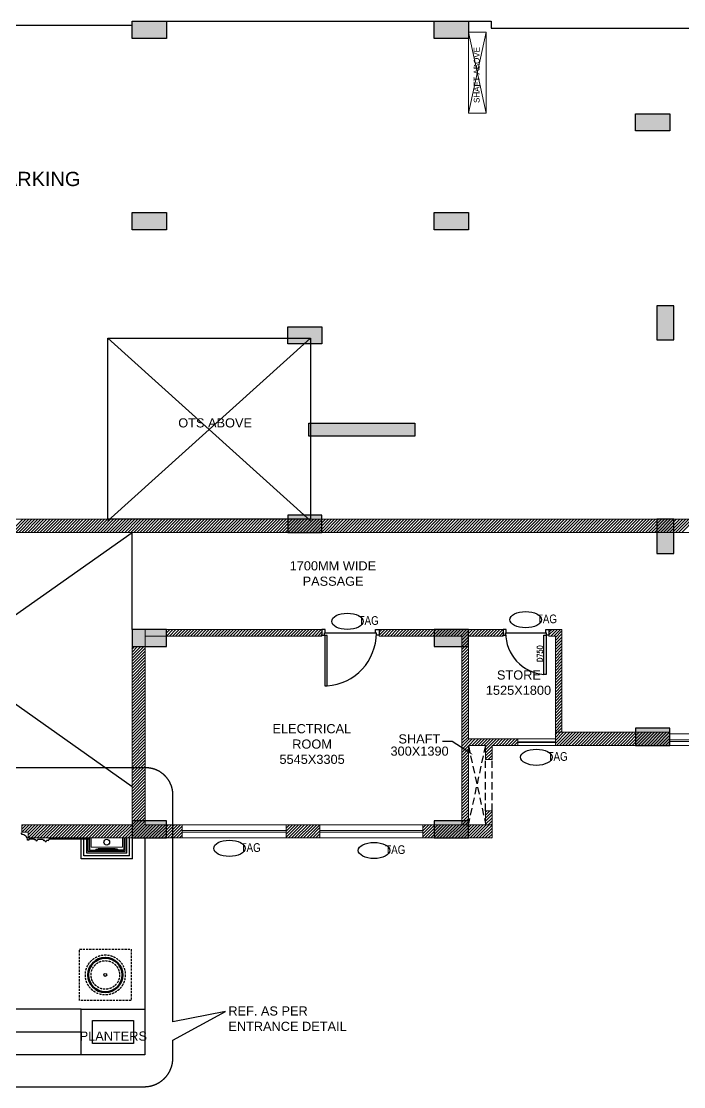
# Model space of a CAD drawing. Header units: millimetres. Extents: x 1277257 to 1543892, y 206696 to 309376.
# Drawn here: x 1316695 to 1328300, y 286999 to 305656 of the extents above; entities that cross this region are included whole.
import ezdxf
from ezdxf.enums import TextEntityAlignment as Align

# ---------------------------------------------------------------- set-up
doc = ezdxf.new("R2010")
doc.units = ezdxf.units.MM
doc.header["$LTSCALE"] = 500
doc.header["$MEASUREMENT"] = 0
doc.linetypes.add('HIDDEN', pattern=[0.375, 0.25, -0.125])
doc.layers.get('Defpoints').update_dxf_attribs({"lineweight": 0})
doc.layers.add('A-TAG', color=7, linetype='Continuous', true_color=0xef00ef)
for name, color, linetype in [('AHC-A-FURNITURE', 2, 'Continuous'), ('Cornice', 252, 'Continuous'), ('CUTOUT', 8, 'HIDDEN'), ('DOOR', 8, 'Continuous'), ('Finish', 31, 'Continuous'), ('Moulding-1', 252, 'Continuous'), ('TEXT-RM NAME', 6, 'Continuous'), ('TOWER AREA COLUMN.', 6, 'Continuous')]:
    doc.layers.add(name, color=color, linetype=linetype)
for name, color, linetype, lineweight in [('TOWER COL HATCH', 253, 'Continuous', 20), ('Wall', 2, 'Continuous', 15), ('WIN', 144, 'Continuous', 15)]:
    doc.layers.add(name, color=color, linetype=linetype, lineweight=lineweight)
doc.styles.add('simplex', font='simplex.shx')
doc.styles.get("Standard").update_dxf_attribs({"font": 'arial.ttf'})

msp = doc.modelspace()

# ---------------------------------------------------------------- hatches: boundary and pattern name
at = {"layer": 'TOWER COL HATCH'}
h = msp.add_hatch(color=253, dxfattribs=at)
h.dxf.hatch_style = 1
h.paths.add_polyline_path([(1318637.1, 305356.4), (1318637.1, 305656.4), (1319237.1, 305656.4), (1319237.1, 305356.4)])
h = msp.add_hatch(color=253, dxfattribs=at)
h.dxf.hatch_style = 1
h.paths.add_polyline_path([(1323927.1, 305356.4), (1323927.1, 305656.4), (1324527.1, 305656.4), (1324527.1, 305356.4)])
h = msp.add_hatch(color=253, dxfattribs=at)
h.dxf.hatch_style = 1
h.paths.add_polyline_path([(1327457.1, 303736.4), (1327457.1, 304036.4), (1328057.1, 304036.4), (1328057.1, 303736.4)])
h = msp.add_hatch(color=253, dxfattribs=at)
h.dxf.hatch_style = 1
h.paths.add_polyline_path([(1319237.1, 302306.4), (1319237.1, 302006.4), (1318637.1, 302006.4), (1318637.1, 302306.4)])
h = msp.add_hatch(color=253, dxfattribs=at)
h.dxf.hatch_style = 1
h.paths.add_polyline_path([(1323927.1, 302006.4), (1323927.1, 302306.4), (1324527.1, 302306.4), (1324527.1, 302006.4)])
h = msp.add_hatch(color=253, dxfattribs=at)
h.dxf.hatch_style = 1
h.paths.add_polyline_path([(1327827.1, 300076.4), (1328127.1, 300076.4), (1328127.1, 300676.4), (1327827.1, 300676.4)])
h = msp.add_hatch(color=253, dxfattribs=at)
h.dxf.hatch_style = 1
h.paths.add_polyline_path([(1321362.1, 300006.4), (1321362.1, 300306.4), (1321962.1, 300306.4), (1321962.1, 300006.4)])
h = msp.add_hatch(color=253, dxfattribs=at)
h.dxf.hatch_style = 1
h.paths.add_polyline_path([(1321732.1, 298621.4), (1323587.1, 298621.4), (1323587.1, 298391.4), (1321732.1, 298391.4)])
h = msp.add_hatch(color=253, dxfattribs=at)
h.dxf.hatch_style = 1
h.paths.add_polyline_path([(1321362.1, 297006.4), (1321362.1, 296706.4), (1321962.1, 296706.4), (1321962.1, 297006.4)])
h = msp.add_hatch(color=253, dxfattribs=at)
h.dxf.hatch_style = 1
h.paths.add_polyline_path([(1328127.1, 296936.4), (1327827.1, 296936.4), (1327827.1, 296336.4), (1328127.1, 296336.4)])
h = msp.add_hatch(color=253, dxfattribs=at)
h.dxf.hatch_style = 1
h.paths.add_polyline_path([(1319237.1, 294706.4), (1319237.1, 295006.4), (1318637.1, 295006.4), (1318637.1, 294706.4)])
h = msp.add_hatch(color=253, dxfattribs=at)
h.dxf.hatch_style = 1
h.paths.add_polyline_path([(1323927.1, 295006.4), (1323927.1, 294706.4), (1324527.1, 294706.4), (1324527.1, 295006.4)])
h = msp.add_hatch(color=253, dxfattribs=at)
h.dxf.hatch_style = 1
h.paths.add_polyline_path([(1327457.1, 293276.4), (1327457.1, 292976.4), (1328057.1, 292976.4), (1328057.1, 293276.4)])
h = msp.add_hatch(color=253, dxfattribs=at)
h.dxf.hatch_style = 1
h.paths.add_polyline_path([(1318637.1, 291656.4), (1318637.1, 291356.4), (1319237.1, 291356.4), (1319237.1, 291656.4)])
h = msp.add_hatch(color=253, dxfattribs=at)
h.dxf.hatch_style = 1
h.paths.add_polyline_path([(1323927.1, 291656.4), (1323927.1, 291356.4), (1324527.1, 291356.4), (1324527.1, 291656.4)])

# ---------------------------------------------------------------- linework, layer by layer
at = {"color": 6, "linetype": 'Continuous'}
for p, q in [((1318637.1, 305586.4), (1318637.1, 305656.4)), ((1318637.1, 305656.4), (1324927.1, 305656.4)), ((1324927.1, 305656.4), (1324927.1, 305536.4)), ((1312337.1, 305586.4), (1318637.1, 305586.4)), ((1324927.1, 305536.4), (1329607.1, 305536.4))]:
    msp.add_line(p, q, dxfattribs=at)
at = {"color": 30}
for p, q in [((1318862.1, 291356.4), (1318862.1, 288356.4)), ((1317742.1, 288356.4), (1313232.1, 288356.4)), ((1317742.1, 288356.4), (1318862.1, 288356.4)), ((1317742.1, 287556.4), (1317742.1, 288356.4)), ((1318862.1, 288356.4), (1318862.1, 287556.4)), ((1317942.1, 288156.4), (1318662.1, 288156.4)), ((1317942.1, 287756.4), (1317942.1, 288156.4)), ((1318662.1, 288156.4), (1318662.1, 287756.4)), ((1317742.1, 287956.4), (1313232.1, 287956.4)), ((1318662.1, 287756.4), (1317942.1, 287756.4)), ((1317742.1, 287556.4), (1313232.1, 287556.4)), ((1318862.1, 287556.4), (1317742.1, 287556.4))]:
    msp.add_line(p, q, dxfattribs=at)
at = {"color": 6, "linetype": 'HIDDEN', "ltscale": 0.3}
msp.add_lwpolyline([(1317717.1, 289406.4), (1318617.1, 289406.4), (1318617.1, 288506.4), (1317717.1, 288506.4)], close=True, dxfattribs=at)
at = {"color": 5, "lineweight": 30}
for centre, radius in [((1318192.1, 291281.4), 50), ((1318167.1, 288956.4), 25)]:
    msp.add_circle(centre, radius, dxfattribs=at)
at = {"color": 6, "linetype": 'HIDDEN', "ltscale": 0.3}
for radius in [350, 250]:
    msp.add_circle((1318167.1, 288956.4), radius, dxfattribs=at)
at = {"color": 6, "lineweight": 50}
msp.add_circle((1318167.1, 288956.4), 300, dxfattribs=at)
at = {"linetype": 'Continuous'}
for centre in [(1322408.9, 295148.7), (1325531.6, 295177.4), (1325718.8, 292768.2), (1320341.5, 291173.1), (1322875.2, 291136.4)]:
    msp.add_ellipse(centre, major_axis=(-275.7, 0), ratio=0.5128849, dxfattribs=at)
at = {"layer": 'A-TAG', "linetype": 'HIDDEN', "ltscale": 100}
for p, q in [((1318880.3, 292583.7), (1309716.2, 292583.7)), ((1319350.3, 288133.4), (1319350.3, 292083.7)), ((1319350.3, 287813.3), (1320271.1, 288318.1)), ((1320271.1, 288318.1), (1319350.3, 288133.4)), ((1319350.3, 287499.3), (1319350.3, 287813.3)), ((1309716.2, 286999.3), (1318850.3, 286999.3))]:
    msp.add_line(p, q, dxfattribs=at)
for centre, radius, start, end in [((1318875.8, 292108.6), 475.2, 357.00099, 89.45607), ((1318850.3, 287499.3), 500, 270, 0)]:
    msp.add_arc(centre, radius, start, end, dxfattribs=at)
at = {"layer": 'AHC-A-FURNITURE', "color": 1, "linetype": 'Continuous', "ltscale": 50, "true_color": 0xff0000}
for p, q in [((1316491.1, 296706.4), (1316721.1, 296936.4)), ((1316544.1, 296706.4), (1316774.1, 296936.4)), ((1316597.1, 296706.4), (1316827.1, 296936.4)), ((1316650.2, 296706.4), (1316880.2, 296936.4)), ((1316703.2, 296706.4), (1316933.2, 296936.4)), ((1316756.2, 296706.4), (1316986.2, 296936.4)), ((1316809.3, 296706.4), (1317039.3, 296936.4)), ((1316862.3, 296706.4), (1317092.3, 296936.4)), ((1316915.3, 296706.4), (1317145.3, 296936.4)), ((1316968.4, 296706.4), (1317198.4, 296936.4)), ((1317021.4, 296706.4), (1317251.4, 296936.4)), ((1317074.4, 296706.4), (1317304.4, 296936.4)), ((1317127.5, 296706.4), (1317357.5, 296936.4)), ((1317180.5, 296706.4), (1317410.5, 296936.4)), ((1317233.5, 296706.4), (1317463.5, 296936.4)), ((1317286.6, 296706.4), (1317516.6, 296936.4)), ((1317339.6, 296706.4), (1317569.6, 296936.4)), ((1317392.6, 296706.4), (1317622.6, 296936.4)), ((1317445.7, 296706.4), (1317675.7, 296936.4)), ((1317498.7, 296706.4), (1317728.7, 296936.4)), ((1317551.7, 296706.4), (1317781.7, 296936.4)), ((1317604.8, 296706.4), (1317834.8, 296936.4)), ((1317657.8, 296706.4), (1317887.8, 296936.4)), ((1317710.8, 296706.4), (1317940.8, 296936.4)), ((1317763.9, 296706.4), (1317993.9, 296936.4)), ((1317816.9, 296706.4), (1318046.9, 296936.4)), ((1317869.9, 296706.4), (1318099.9, 296936.4)), ((1317923, 296706.4), (1318153, 296936.4)), ((1317976, 296706.4), (1318206, 296936.4)), ((1318029, 296706.4), (1318259, 296936.4)), ((1318082.1, 296706.4), (1318312.1, 296936.4)), ((1318135.1, 296706.4), (1318365.1, 296936.4)), ((1318188.1, 296706.4), (1318418.1, 296936.4)), ((1318241.2, 296706.4), (1318471.2, 296936.4)), ((1318294.2, 296706.4), (1318524.2, 296936.4)), ((1318347.2, 296706.4), (1318577.2, 296936.4)), ((1318400.3, 296706.4), (1318630.3, 296936.4)), ((1318453.3, 296706.4), (1318683.3, 296936.4)), ((1318506.3, 296706.4), (1318736.3, 296936.4)), ((1318559.4, 296706.4), (1318789.4, 296936.4)), ((1318612.4, 296706.4), (1318842.4, 296936.4)), ((1318665.4, 296706.4), (1318895.4, 296936.4)), ((1318718.5, 296706.4), (1318948.5, 296936.4)), ((1318771.5, 296706.4), (1319001.5, 296936.4)), ((1318824.5, 296706.4), (1319054.5, 296936.4)), ((1318877.6, 296706.4), (1319107.6, 296936.4)), ((1318930.6, 296706.4), (1319160.6, 296936.4)), ((1318983.6, 296706.4), (1319213.6, 296936.4)), ((1319036.7, 296706.4), (1319266.7, 296936.4)), ((1319089.7, 296706.4), (1319319.7, 296936.4)), ((1319142.7, 296706.4), (1319372.7, 296936.4)), ((1319195.8, 296706.4), (1319425.8, 296936.4)), ((1319248.8, 296706.4), (1319478.8, 296936.4)), ((1319301.8, 296706.4), (1319531.8, 296936.4)), ((1319354.9, 296706.4), (1319584.9, 296936.4)), ((1319407.9, 296706.4), (1319637.9, 296936.4)), ((1319460.9, 296706.4), (1319690.9, 296936.4)), ((1319514, 296706.4), (1319744, 296936.4)), ((1319567, 296706.4), (1319797, 296936.4)), ((1319620, 296706.4), (1319850, 296936.4)), ((1319673.1, 296706.4), (1319903.1, 296936.4)), ((1319726.1, 296706.4), (1319956.1, 296936.4)), ((1319779.1, 296706.4), (1320009.1, 296936.4)), ((1319832.2, 296706.4), (1320062.2, 296936.4)), ((1319885.2, 296706.4), (1320115.2, 296936.4)), ((1319938.2, 296706.4), (1320168.2, 296936.4)), ((1319991.3, 296706.4), (1320221.3, 296936.4)), ((1320044.3, 296706.4), (1320274.3, 296936.4)), ((1320097.3, 296706.4), (1320327.3, 296936.4)), ((1320150.4, 296706.4), (1320380.4, 296936.4)), ((1320203.4, 296706.4), (1320433.4, 296936.4)), ((1320256.4, 296706.4), (1320486.4, 296936.4)), ((1320309.5, 296706.4), (1320539.5, 296936.4)), ((1320362.5, 296706.4), (1320592.5, 296936.4)), ((1320415.5, 296706.4), (1320645.5, 296936.4)), ((1320468.6, 296706.4), (1320698.6, 296936.4)), ((1320521.6, 296706.4), (1320751.6, 296936.4)), ((1320574.6, 296706.4), (1320804.6, 296936.4)), ((1320627.7, 296706.4), (1320857.7, 296936.4)), ((1320680.7, 296706.4), (1320910.7, 296936.4)), ((1320733.7, 296706.4), (1320963.7, 296936.4)), ((1320786.8, 296706.4), (1321016.8, 296936.4)), ((1320839.8, 296706.4), (1321069.8, 296936.4)), ((1320892.8, 296706.4), (1321122.8, 296936.4)), ((1320945.9, 296706.4), (1321175.9, 296936.4)), ((1320998.9, 296706.4), (1321228.9, 296936.4)), ((1321051.9, 296706.4), (1321281.9, 296936.4)), ((1321105, 296706.4), (1321335, 296936.4)), ((1321158, 296706.4), (1321388, 296936.4)), ((1321211, 296706.4), (1321441, 296936.4)), ((1321264.1, 296706.4), (1321494.1, 296936.4)), ((1321317.1, 296706.4), (1321547.1, 296936.4)), ((1321370.1, 296706.4), (1321600.1, 296936.4)), ((1321423.2, 296706.4), (1321653.2, 296936.4)), ((1321476.2, 296706.4), (1321706.2, 296936.4)), ((1321529.2, 296706.4), (1321759.2, 296936.4)), ((1321582.3, 296706.4), (1321812.3, 296936.4)), ((1321635.3, 296706.4), (1321865.3, 296936.4)), ((1321688.3, 296706.4), (1321918.3, 296936.4)), ((1321741.4, 296706.4), (1321971.4, 296936.4)), ((1321794.4, 296706.4), (1322024.4, 296936.4)), ((1321847.4, 296706.4), (1322077.4, 296936.4)), ((1321900.4, 296706.4), (1322130.4, 296936.4)), ((1321953.5, 296706.4), (1322183.5, 296936.4)), ((1322006.5, 296706.4), (1322236.5, 296936.4)), ((1322059.5, 296706.4), (1322289.5, 296936.4)), ((1322112.6, 296706.4), (1322342.6, 296936.4)), ((1322165.6, 296706.4), (1322395.6, 296936.4)), ((1322218.6, 296706.4), (1322448.6, 296936.4)), ((1322271.7, 296706.4), (1322501.7, 296936.4)), ((1322324.7, 296706.4), (1322554.7, 296936.4)), ((1322377.7, 296706.4), (1322607.7, 296936.4)), ((1322430.8, 296706.4), (1322660.8, 296936.4)), ((1322483.8, 296706.4), (1322713.8, 296936.4)), ((1322536.8, 296706.4), (1322766.8, 296936.4)), ((1322589.9, 296706.4), (1322819.9, 296936.4)), ((1322642.9, 296706.4), (1322872.9, 296936.4)), ((1322695.9, 296706.4), (1322925.9, 296936.4)), ((1322749, 296706.4), (1322979, 296936.4)), ((1322802, 296706.4), (1323032, 296936.4)), ((1322855, 296706.4), (1323085, 296936.4)), ((1322908.1, 296706.4), (1323138.1, 296936.4)), ((1322961.1, 296706.4), (1323191.1, 296936.4)), ((1323014.1, 296706.4), (1323244.1, 296936.4)), ((1323067.2, 296706.4), (1323297.2, 296936.4)), ((1323120.2, 296706.4), (1323350.2, 296936.4)), ((1323173.2, 296706.4), (1323403.2, 296936.4)), ((1323226.3, 296706.4), (1323456.3, 296936.4)), ((1323279.3, 296706.4), (1323509.3, 296936.4)), ((1323332.3, 296706.4), (1323562.3, 296936.4)), ((1323385.4, 296706.4), (1323615.4, 296936.4)), ((1323438.4, 296706.4), (1323668.4, 296936.4)), ((1323491.4, 296706.4), (1323721.4, 296936.4)), ((1323544.5, 296706.4), (1323774.5, 296936.4)), ((1323597.5, 296706.4), (1323827.5, 296936.4)), ((1323650.5, 296706.4), (1323880.5, 296936.4)), ((1323703.6, 296706.4), (1323933.6, 296936.4)), ((1323756.6, 296706.4), (1323986.6, 296936.4)), ((1323809.6, 296706.4), (1324039.6, 296936.4)), ((1323862.7, 296706.4), (1324092.7, 296936.4)), ((1323915.7, 296706.4), (1324145.7, 296936.4)), ((1323968.7, 296706.4), (1324198.7, 296936.4)), ((1324021.8, 296706.4), (1324251.8, 296936.4)), ((1324074.8, 296706.4), (1324304.8, 296936.4)), ((1324127.8, 296706.4), (1324357.8, 296936.4)), ((1324180.9, 296706.4), (1324410.9, 296936.4)), ((1324233.9, 296706.4), (1324463.9, 296936.4)), ((1324286.9, 296706.4), (1324516.9, 296936.4)), ((1324340, 296706.4), (1324570, 296936.4)), ((1324393, 296706.4), (1324623, 296936.4)), ((1324446, 296706.4), (1324676, 296936.4)), ((1324499.1, 296706.4), (1324729.1, 296936.4)), ((1324552.1, 296706.4), (1324782.1, 296936.4)), ((1324605.1, 296706.4), (1324835.1, 296936.4)), ((1324658.2, 296706.4), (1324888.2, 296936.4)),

HOW TO COMPLETE THIS TASK: In the records above, find the line containing "from ezdxf.enums import" and output every line from the first through that one, exactly, omitting pictures.

ANSWER TO THE PROBLEM:
# Model space of a CAD drawing. Header units: millimetres. Extents: x 1277257 to 1543892, y 206696 to 309376.
# Drawn here: x 1316695 to 1328300, y 286999 to 305656 of the extents above; entities that cross this region are included whole.
import ezdxf
from ezdxf.enums import TextEntityAlignment as Align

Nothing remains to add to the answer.